Certifiably robust malware detectors by design
Pierre-Francois Gimenez 1,2,3,4, Sarath Sivaprasad 5, Mario Fritz 5
Published on arXiv
2508.10038
Input Manipulation Attack
OWASP ML Top 10 — ML01
Key Finding
Certifiably and empirically robust malware detectors are achieved with only limited reduction in detection performance compared to non-robust baselines.
ERDALT
Novel technique introduced
Malware analysis involves analyzing suspicious software to detect malicious payloads. Static malware analysis, which does not require software execution, relies increasingly on machine learning techniques to achieve scalability. Although such techniques obtain very high detection accuracy, they can be easily evaded with adversarial examples where a few modifications of the sample can dupe the detector without modifying the behavior of the software. Unlike other domains, such as computer vision, creating an adversarial example of malware without altering its functionality requires specific transformations. We propose a new model architecture for certifiably robust malware detection by design. In addition, we show that every robust detector can be decomposed into a specific structure, which can be applied to learn empirically robust malware detectors, even on fragile features. Our framework ERDALT is based on this structure.

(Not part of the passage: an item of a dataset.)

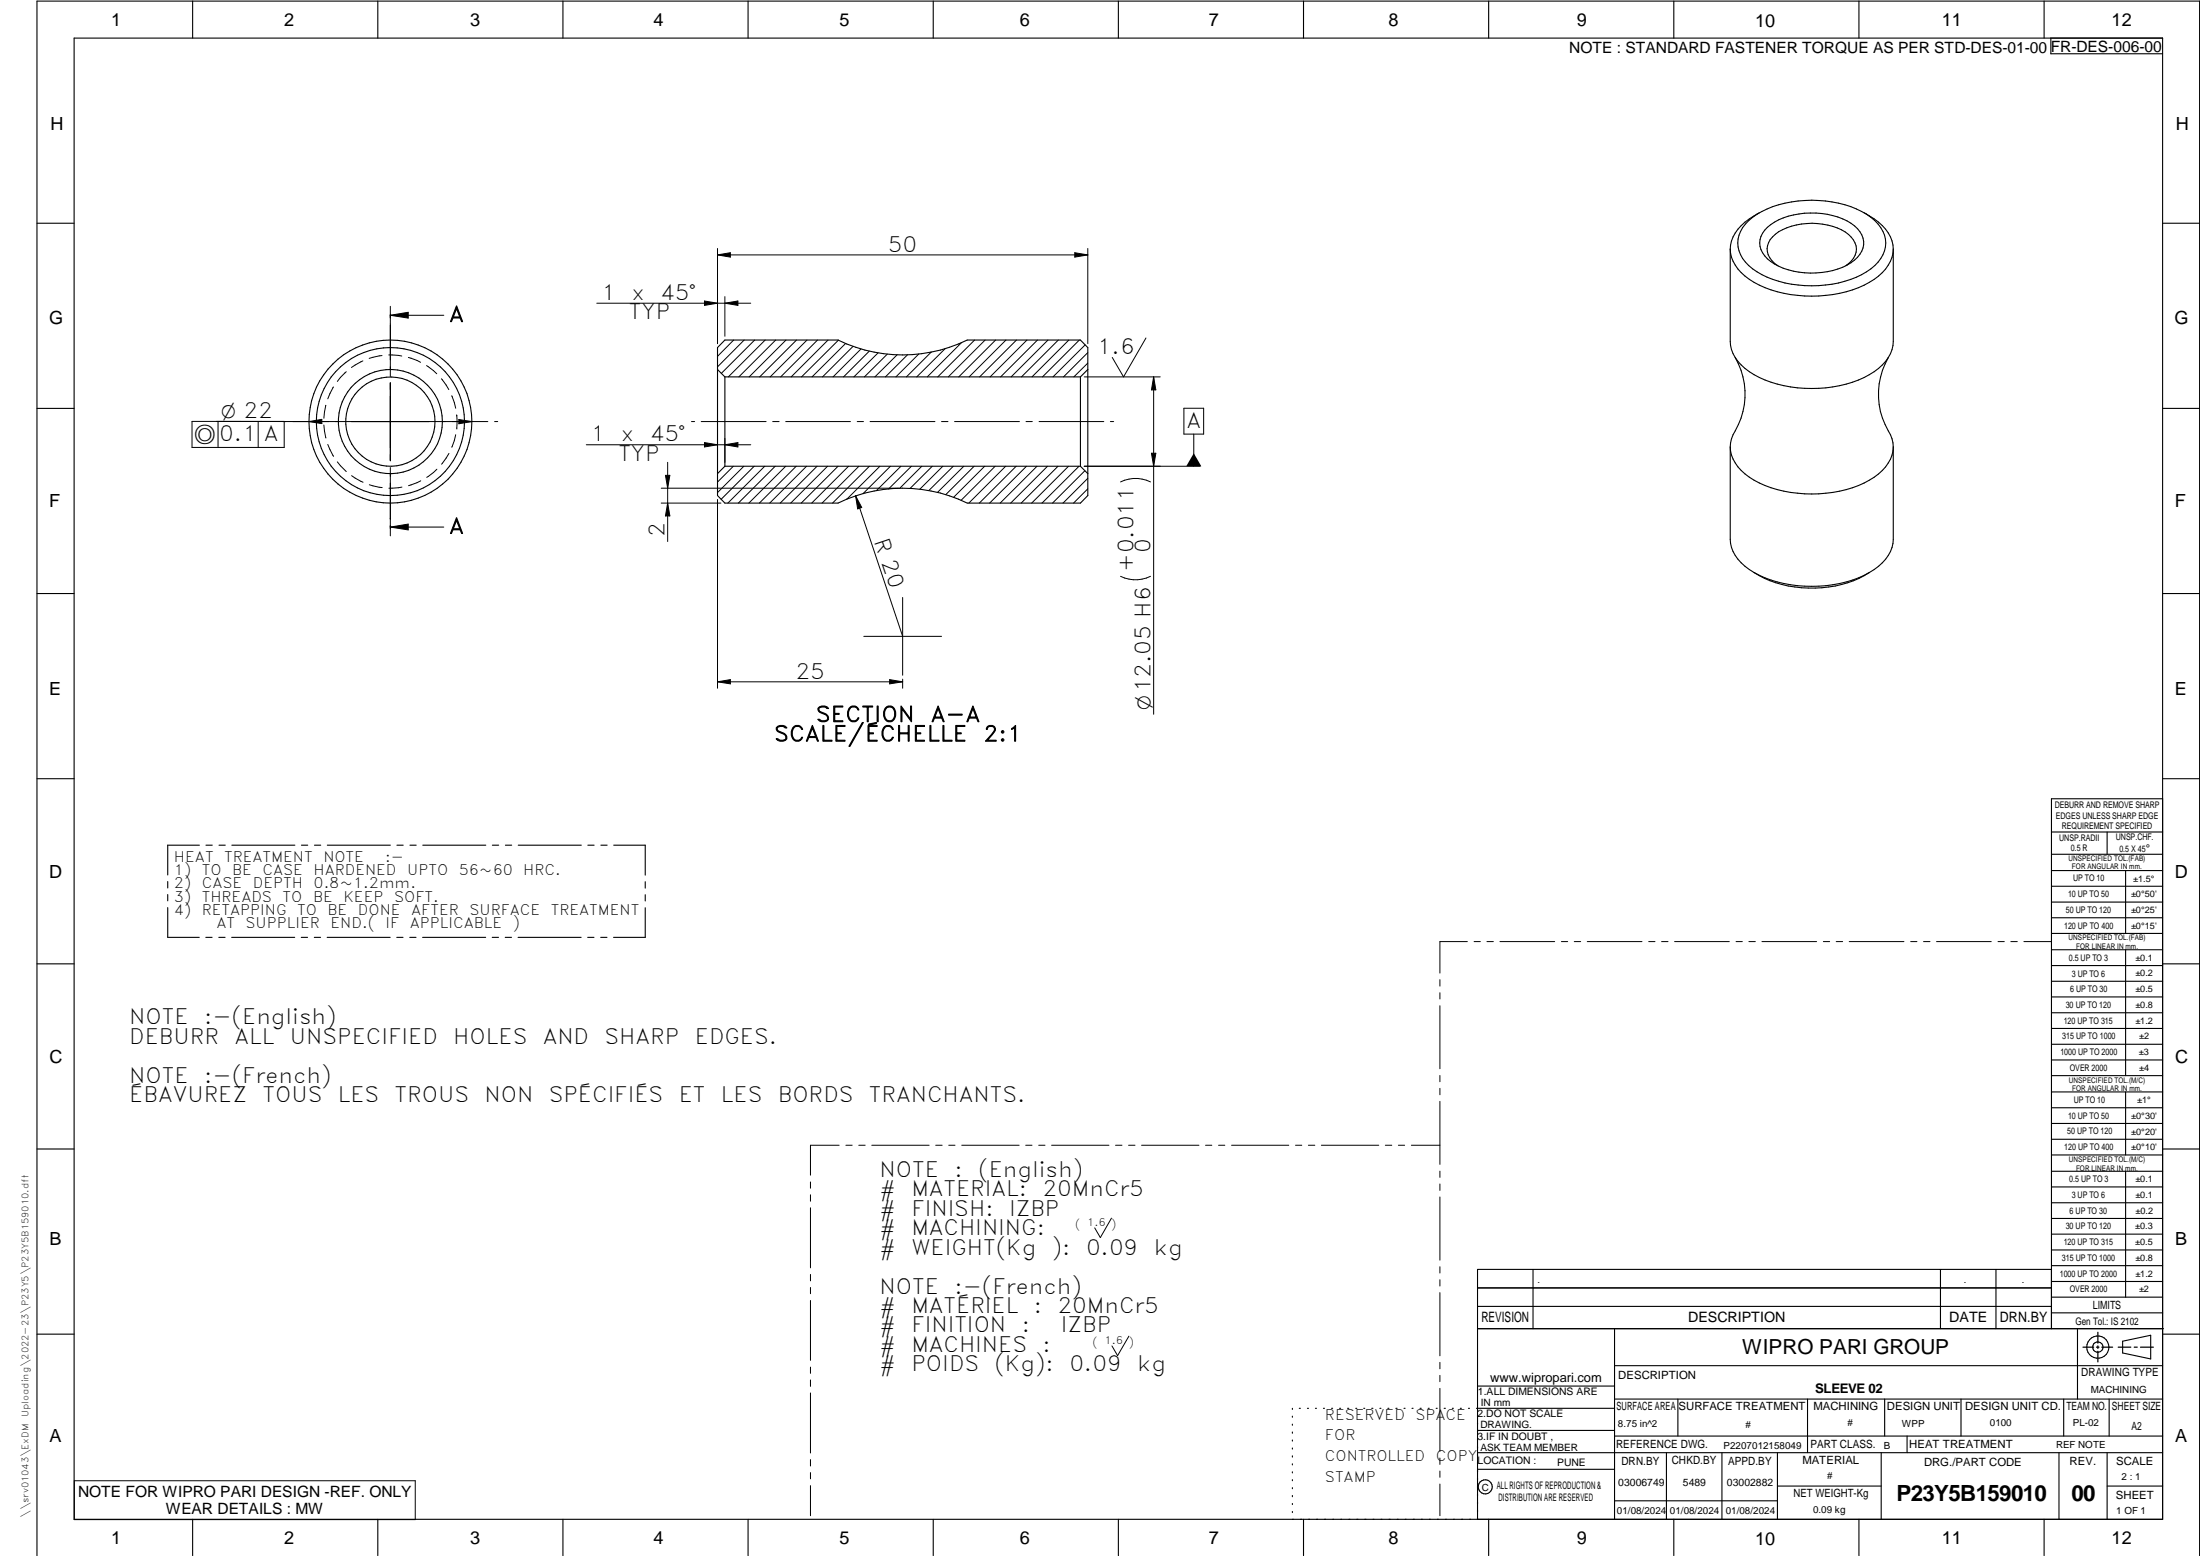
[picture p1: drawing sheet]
<svg xmlns="http://www.w3.org/2000/svg" width="594mm" height="420mm" viewBox="0 0 594 420" stroke-linecap="round" stroke-linejoin="round" font-family="sans-serif">
<g fill="none" stroke="#000" stroke-width=".3">
<path d="M20 10.3h564v400h-564zM52 .3v10M102 .3v10M152 .3v10M202 .3v10M252 .3v10M302 .3v10M352 .3v10M402 .3v10M452 .3v10M502 .3v10M552 .3v10"/>
<path d="M553.8 10.3v4.2h30.2M472.2 59.6a24.2 24.2 0 0 1 15.2-5.5 28.1 28.1 0 0 1 17.8 4.6 8.3 8.3 0 0 1 3.7 9 12.6 12.6 0 0 1-7.6 7.1 31.3 31.3 0 0 1-26.8-1.4 9.1 9.1 0 0 1-5.2-8.8 8.9 8.9 0 0 1 2.9-5zM475.1 57.4a14 14 0 0 0-7.5 7.7l-.4 2.2M503.4 57.4a15.7 15.7 0 0 1 7.1 6.6l.4 1.1 .4 2.2M10 60.3h10M467.2 67.3v24.9a8.1 8.1 0 0 0 1.4 4.4M467.2 67.3a11 11 0 0 0 6.5 8.9 34.3 34.3 0 0 0 31.1 0 11.2 11.2 0 0 0 6.5-8.9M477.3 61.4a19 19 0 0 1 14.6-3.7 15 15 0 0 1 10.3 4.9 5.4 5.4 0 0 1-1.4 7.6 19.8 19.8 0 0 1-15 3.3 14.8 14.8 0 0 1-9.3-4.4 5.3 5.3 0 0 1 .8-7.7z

We compare and validate these approaches with machine-learning-based malware detection methods, allowing for robust detection with limited reduction of detection performance.
Key Contributions
- New model architecture for certifiably robust malware detection by design, leveraging the constraint that malware-preserving transformations are limited
- Decomposition theorem showing every robust detector can be expressed in a specific structural form, enabling empirical robustness even on fragile features
- ERDALT framework instantiating this structure for empirically robust ML-based static malware detection with limited accuracy trade-off
🛡️ Threat Analysis
The paper defends against adversarial examples (evasion attacks) crafted to fool ML-based static malware detectors at inference time without altering malware functionality. The primary contributions — a certifiably robust model architecture by design and the ERDALT empirical robustness framework — are certified robustness defenses explicitly targeting input manipulation attacks.